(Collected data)
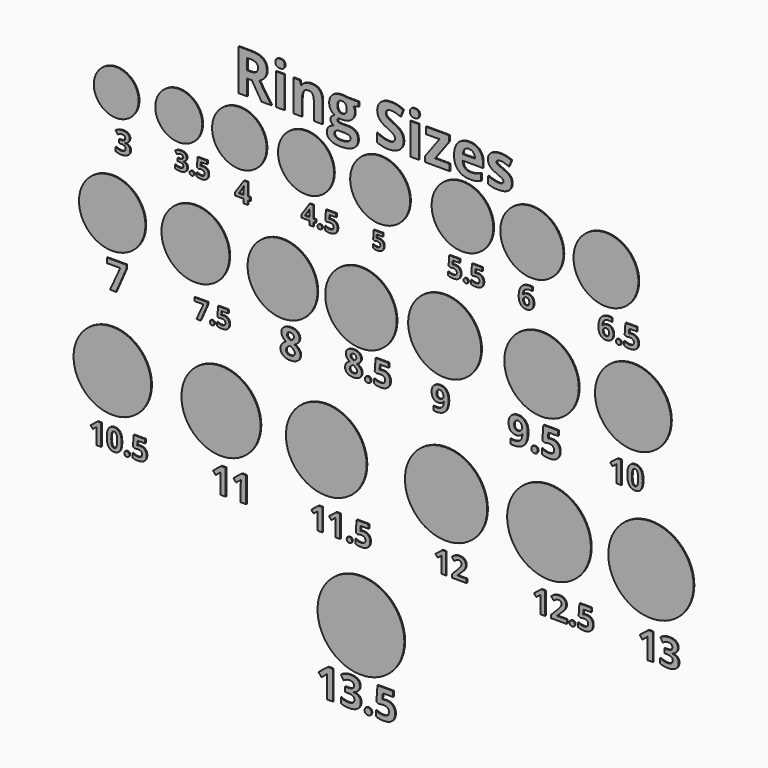
from build123d import *

# Parameters (mm, degrees)
F0_R           = 5.8371680151
F8_DEPTH       = 0.254
F0_R_2         = 6.1199922199
F0_R_3         = 7.0989140275
F0_R_4         = 7.291492477
F0_R_5         = 7.8
F1_R           = 8.0243902439
F1_R_2         = 8.225
F1_R_3         = 8.45
F1_TEXT_SIZE   = 7.715160696
F1_TEXT_SIZE_2 = 6.496977155
F1_TEXT_SIZE_3 = 7.3090960558
F1_TEXT_SIZE_4 = 6.9030366054
F1_TEXT_SIZE_5 = 6.0909125149
F1_TEXT_SIZE_6 = 7.7151555062
F9_DEPTH       = 0.254
F2_R           = 8.65
F2_R_2         = 8.85
F3_R           = 9.1
F3_R_2         = 9.3
F4_R           = 9.504040404
F4_R_2         = 9.7
F4_TEXT_SIZE   = 9.9162159498
F4_TEXT_SIZE_2 = 6.7430258573
F4_TEXT_SIZE_3 = 10.3128641568
F4_TEXT_SIZE_4 = 8.7262694274
F4_TEXT_SIZE_5 = 8.7262713285
F5_R           = 9.9
F5_TEXT_SIZE   = 8.0965381737
F6_R           = 10.1
F6_R_2         = 10.3
F6_R_3         = 10.5
F6_R_4         = 10.7
F6_R_5         = 10.9
F6_R_6         = 11.1
F6_R_7         = 11.3
F6_TEXT_SIZE   = 7.6917129465
F6_TEXT_SIZE_2 = 9.3110190291
F6_TEXT_SIZE_3 = 8.0965355866
F6_TEXT_SIZE_4 = 8.0965407607
F6_TEXT_SIZE_5 = 9.7158468432
F6_TEXT_SIZE_6 = 10.5254921234
F10_DEPTH      = 0.254
F7_TEXT_SIZE   = 14.9785903179
F11_DEPTH      = 0.254


# Not quite as in the source:
# - Text() gives the source's letters only with a copy of the font that has no kerning and outlines rounded to 1/6400 em; it was checked with that copy


with BuildPart() as f8:
    # F0 (on Front) → F8 (new body)
    with BuildSketch(Plane.XZ):
        with Locations((-63.7036129132, 51.7368838191)):
            Circle(F0_R)
    extrude(amount=F8_DEPTH)


with BuildPart() as f8b:
    # F0 (on Front) → F8, piece 2 (new body)
    with BuildSketch(Plane.XZ):
        with Locations((-47.4188692464, 51.7368838191)):
            Circle(F0_R_2)
    extrude(amount=F8_DEPTH)


with BuildPart() as f8c:
    # F0 (on Front) → F8, piece 3 (new body)
    with BuildSketch(Plane.XZ):
        with Locations((-31.6557335996, 51.7368838191)):
            Circle(F0_R_3)
    extrude(amount=F8_DEPTH)


with BuildPart() as f8d:
    # F0 (on Front) → F8, piece 4 (new body)
    with BuildSketch(Plane.XZ):
        with Locations((-14.2972320278, 51.7368838191)):
            Circle(F0_R_4)
    extrude(amount=F8_DEPTH)


with BuildPart() as f8e:
    # F0 (on Front) → F8, piece 5 (new body)
    with BuildSketch(Plane.XZ):
        with Locations((5.0005266884, 51.7368838191)):
            Circle(F0_R_5)
    extrude(amount=F8_DEPTH)


with BuildPart() as f9:
    # F1 (on Front) → F9 (new body)
    with BuildSketch(Plane.XZ):
        with Locations((26.4269726021, 52.6113137603)):
            Circle(F1_R)
        with Locations((44.5094197899, 52.6113137603)):
            Circle(F1_R_2)
        with Locations((63.7865934914, 52.6113137603)):
            Circle(F1_R_3)
        with Locations((-64.1658629432, 37.9931100235)):
            Text('3', F1_TEXT_SIZE, font='Open Sans', font_style=FontStyle.BOLD, text_align=(TextAlign.LEFT, TextAlign.BOTTOM))
        with Locations((-48.670567057, 39.1625649773)):
            Text('3.5', F1_TEXT_SIZE_2, font='Open Sans', font_style=FontStyle.BOLD, text_align=(TextAlign.LEFT, TextAlign.BOTTOM))
        with Locations((-32.8829083665, 37.1160178741)):
            Text('4', F1_TEXT_SIZE_3, font='Open Sans', font_style=FontStyle.BOLD, text_align=(TextAlign.LEFT, TextAlign.BOTTOM))
        with Locations((-15.6334272472, 37.7007472193)):
            Text('4.5', F1_TEXT_SIZE_4, font='Open Sans', font_style=FontStyle.BOLD, text_align=(TextAlign.LEFT, TextAlign.BOTTOM))
        with Locations((2.7855095265, 37.7007472193)):
            Text('5', F1_TEXT_SIZE_5, font='Open Sans', font_style=FontStyle.BOLD, text_align=(TextAlign.LEFT, TextAlign.BOTTOM))
        with Locations((22.3738989185, 37.7007472193)):
            Text('5.5', F1_TEXT_SIZE_4, font='Open Sans', font_style=FontStyle.BOLD, text_align=(TextAlign.LEFT, TextAlign.BOTTOM))
        with Locations((40.7928359258, 36.8236550698)):
            Text('6', F1_TEXT_SIZE_6, font='Open Sans', font_style=FontStyle.BOLD, text_align=(TextAlign.LEFT, TextAlign.BOTTOM))
        with Locations((61.5506847088, 36.5312885289)):
            Text('6.5', F1_TEXT_SIZE, font='Open Sans', font_style=FontStyle.BOLD, text_align=(TextAlign.LEFT, TextAlign.BOTTOM))
    extrude(amount=F9_DEPTH)


with BuildPart() as f10:
    # F2 (on Front) + F3 (on Front) + F4 (on Front) + F5 (on Front) + F6 (on Front) → F10 (new body)
    with BuildSketch(Plane.XZ):
        with Locations((-64.7544219601, 23.7552467734)):
            Circle(F2_R)
        with Locations((-43.0889738008, 23.7552467734)):
            Circle(F2_R_2)
    with BuildSketch(Plane.XZ):
        with Locations((-20.4131133434, 23.1065114508)):
            Circle(F3_R)
        with Locations((0, 23.1065114508)):
            Circle(F3_R_2)
    with BuildSketch(Plane.XZ):
        with Locations((21.7980570294, 23.7242044372)):
            Circle(F4_R)
        with Locations((47.0187727928, 23.1759268651)):
            Circle(F4_R_2)
        with Locations((-66.4158480186, 6.0407065252)):
            Text('7', F4_TEXT_SIZE, font='Open Sans', font_style=FontStyle.BOLD, text_align=(TextAlign.LEFT, TextAlign.BOTTOM))
        with Locations((-43.5688893904, 6.6118803996)):
            Text('7.5', F4_TEXT_SIZE_2, font='Open Sans', font_style=FontStyle.BOLD, text_align=(TextAlign.LEFT, TextAlign.BOTTOM))
        with Locations((-21.2931023554, 5.1839454854)):
            Text('8', F4_TEXT_SIZE_3, font='Open Sans', font_style=FontStyle.BOLD, text_align=(TextAlign.LEFT, TextAlign.BOTTOM))
        with Locations((-4.4434673558, 6.6118803996)):
            Text('8.5', F4_TEXT_SIZE_4, font='Open Sans', font_style=FontStyle.BOLD, text_align=(TextAlign.LEFT, TextAlign.BOTTOM))
        with Locations((18.1179073008, 5.7551189036)):
            Text('9', F4_TEXT_SIZE_5, font='Open Sans', font_style=FontStyle.BOLD, text_align=(TextAlign.LEFT, TextAlign.BOTTOM))
        with Locations((38.108998838, 4.6127711547)):
            Text('9.5', F4_TEXT_SIZE, font='Open Sans', font_style=FontStyle.BOLD, text_align=(TextAlign.LEFT, TextAlign.BOTTOM))
    with BuildSketch(Plane.XZ):
        with Locations((70.8285272121, 23.4637726098)):
            Circle(F5_R)
        with Locations((64.4160658121, 4.5178690925)):
            Text('10', F5_TEXT_SIZE, font='Open Sans', font_style=FontStyle.BOLD, text_align=(TextAlign.LEFT, TextAlign.BOTTOM))
    with BuildSketch(Plane.XZ):
        with Locations((-64.7075399756, -12.3877050355)):
            Circle(F6_R)
        with Locations((-36.4344269037, -12.3877050355)):
            Circle(F6_R_2)
        with Locations((-9.035738185, -12.3877050355)):
            Circle(F6_R_3)
        with Locations((22.1521314234, -12.3877050355)):
            Circle(F6_R_4)
        with Locations((48.9678680897, -12.3877050355)):
            Circle(F6_R_5)
        with Locations((75.4921287298, -12.3877050355)):
            Circle(F6_R_6)
        with Locations((0, -49.6965572238)):
            Circle(F6_R_7)
        with Locations((-70.8285272121, -30.7506565005)):
            Text('10.5', F6_TEXT_SIZE, font='Open Sans', font_style=FontStyle.BOLD, text_align=(TextAlign.LEFT, TextAlign.BOTTOM))
        with Locations((-39.0577055514, -31.6250808537)):
            Text('11', F6_TEXT_SIZE_2, font='Open Sans', font_style=FontStyle.BOLD, text_align=(TextAlign.LEFT, TextAlign.BOTTOM))
        with Locations((-13.4078683332, -31.6250808537)):
            Text('11.5', F6_TEXT_SIZE_3, font='Open Sans', font_style=FontStyle.BOLD, text_align=(TextAlign.LEFT, TextAlign.BOTTOM))
        with Locations((18.945902586, -31.042130664)):
            Text('12', F6_TEXT_SIZE, font='Open Sans', font_style=FontStyle.BOLD, text_align=(TextAlign.LEFT, TextAlign.BOTTOM))
        with Locations((44.5957370102, -31.9165587425)):
            Text('12.5', F6_TEXT_SIZE_4, font='Open Sans', font_style=FontStyle.BOLD, text_align=(TextAlign.LEFT, TextAlign.BOTTOM))
        with Locations((71.9944238663, -33.3739332855)):
            Text('13', F6_TEXT_SIZE_5, font='Open Sans', font_style=FontStyle.BOLD, text_align=(TextAlign.LEFT, TextAlign.BOTTOM))
        with Locations((-11.6590159014, -69.5168823004)):
            Text('13.5', F6_TEXT_SIZE_6, font='Open Sans', font_style=FontStyle.BOLD, text_align=(TextAlign.LEFT, TextAlign.BOTTOM))
    extrude(amount=F10_DEPTH)


with BuildPart() as f11:
    # F7 (on Front) → F11 (new body)
    with BuildSketch(Plane.XZ):
        with Locations((-33.2281962037, 61.9385279715)):
            Text('Ring Sizes', F7_TEXT_SIZE, font='Open Sans', font_style=FontStyle.BOLD, text_align=(TextAlign.LEFT, TextAlign.BOTTOM))
    extrude(amount=F11_DEPTH)


solid = Compound([f8.part, f8b.part, f8c.part, f8d.part, f8e.part, f9.part, f10.part, f11.part])

How to complete this task - Provide an exact copy of only the lines from the beginning of the entries through the line containing "# F0 (on Front) → F8, piece 3 (new body)", both ends included, with no pictures.

Written answer -
from build123d import *

# Parameters (mm, degrees)
F0_R           = 5.8371680151
F8_DEPTH       = 0.254
F0_R_2         = 6.1199922199
F0_R_3         = 7.0989140275
F0_R_4         = 7.291492477
F0_R_5         = 7.8
F1_R           = 8.0243902439
F1_R_2         = 8.225
F1_R_3         = 8.45
F1_TEXT_SIZE   = 7.715160696
F1_TEXT_SIZE_2 = 6.496977155
F1_TEXT_SIZE_3 = 7.3090960558
F1_TEXT_SIZE_4 = 6.9030366054
F1_TEXT_SIZE_5 = 6.0909125149
F1_TEXT_SIZE_6 = 7.7151555062
F9_DEPTH       = 0.254
F2_R           = 8.65
F2_R_2         = 8.85
F3_R           = 9.1
F3_R_2         = 9.3
F4_R           = 9.504040404
F4_R_2         = 9.7
F4_TEXT_SIZE   = 9.9162159498
F4_TEXT_SIZE_2 = 6.7430258573
F4_TEXT_SIZE_3 = 10.3128641568
F4_TEXT_SIZE_4 = 8.7262694274
F4_TEXT_SIZE_5 = 8.7262713285
F5_R           = 9.9
F5_TEXT_SIZE   = 8.0965381737
F6_R           = 10.1
F6_R_2         = 10.3
F6_R_3         = 10.5
F6_R_4         = 10.7
F6_R_5         = 10.9
F6_R_6         = 11.1
F6_R_7         = 11.3
F6_TEXT_SIZE   = 7.6917129465
F6_TEXT_SIZE_2 = 9.3110190291
F6_TEXT_SIZE_3 = 8.0965355866
F6_TEXT_SIZE_4 = 8.0965407607
F6_TEXT_SIZE_5 = 9.7158468432
F6_TEXT_SIZE_6 = 10.5254921234
F10_DEPTH      = 0.254
F7_TEXT_SIZE   = 14.9785903179
F11_DEPTH      = 0.254


# Not quite as in the source:
# - Text() gives the source's letters only with a copy of the font that has no kerning and outlines rounded to 1/6400 em; it was checked with that copy


with BuildPart() as f8:
    # F0 (on Front) → F8 (new body)
    with BuildSketch(Plane.XZ):
        with Locations((-63.7036129132, 51.7368838191)):
            Circle(F0_R)
    extrude(amount=F8_DEPTH)


with BuildPart() as f8b:
    # F0 (on Front) → F8, piece 2 (new body)
    with BuildSketch(Plane.XZ):
        with Locations((-47.4188692464, 51.7368838191)):
            Circle(F0_R_2)
    extrude(amount=F8_DEPTH)


with BuildPart() as f8c:
    # F0 (on Front) → F8, piece 3 (new body)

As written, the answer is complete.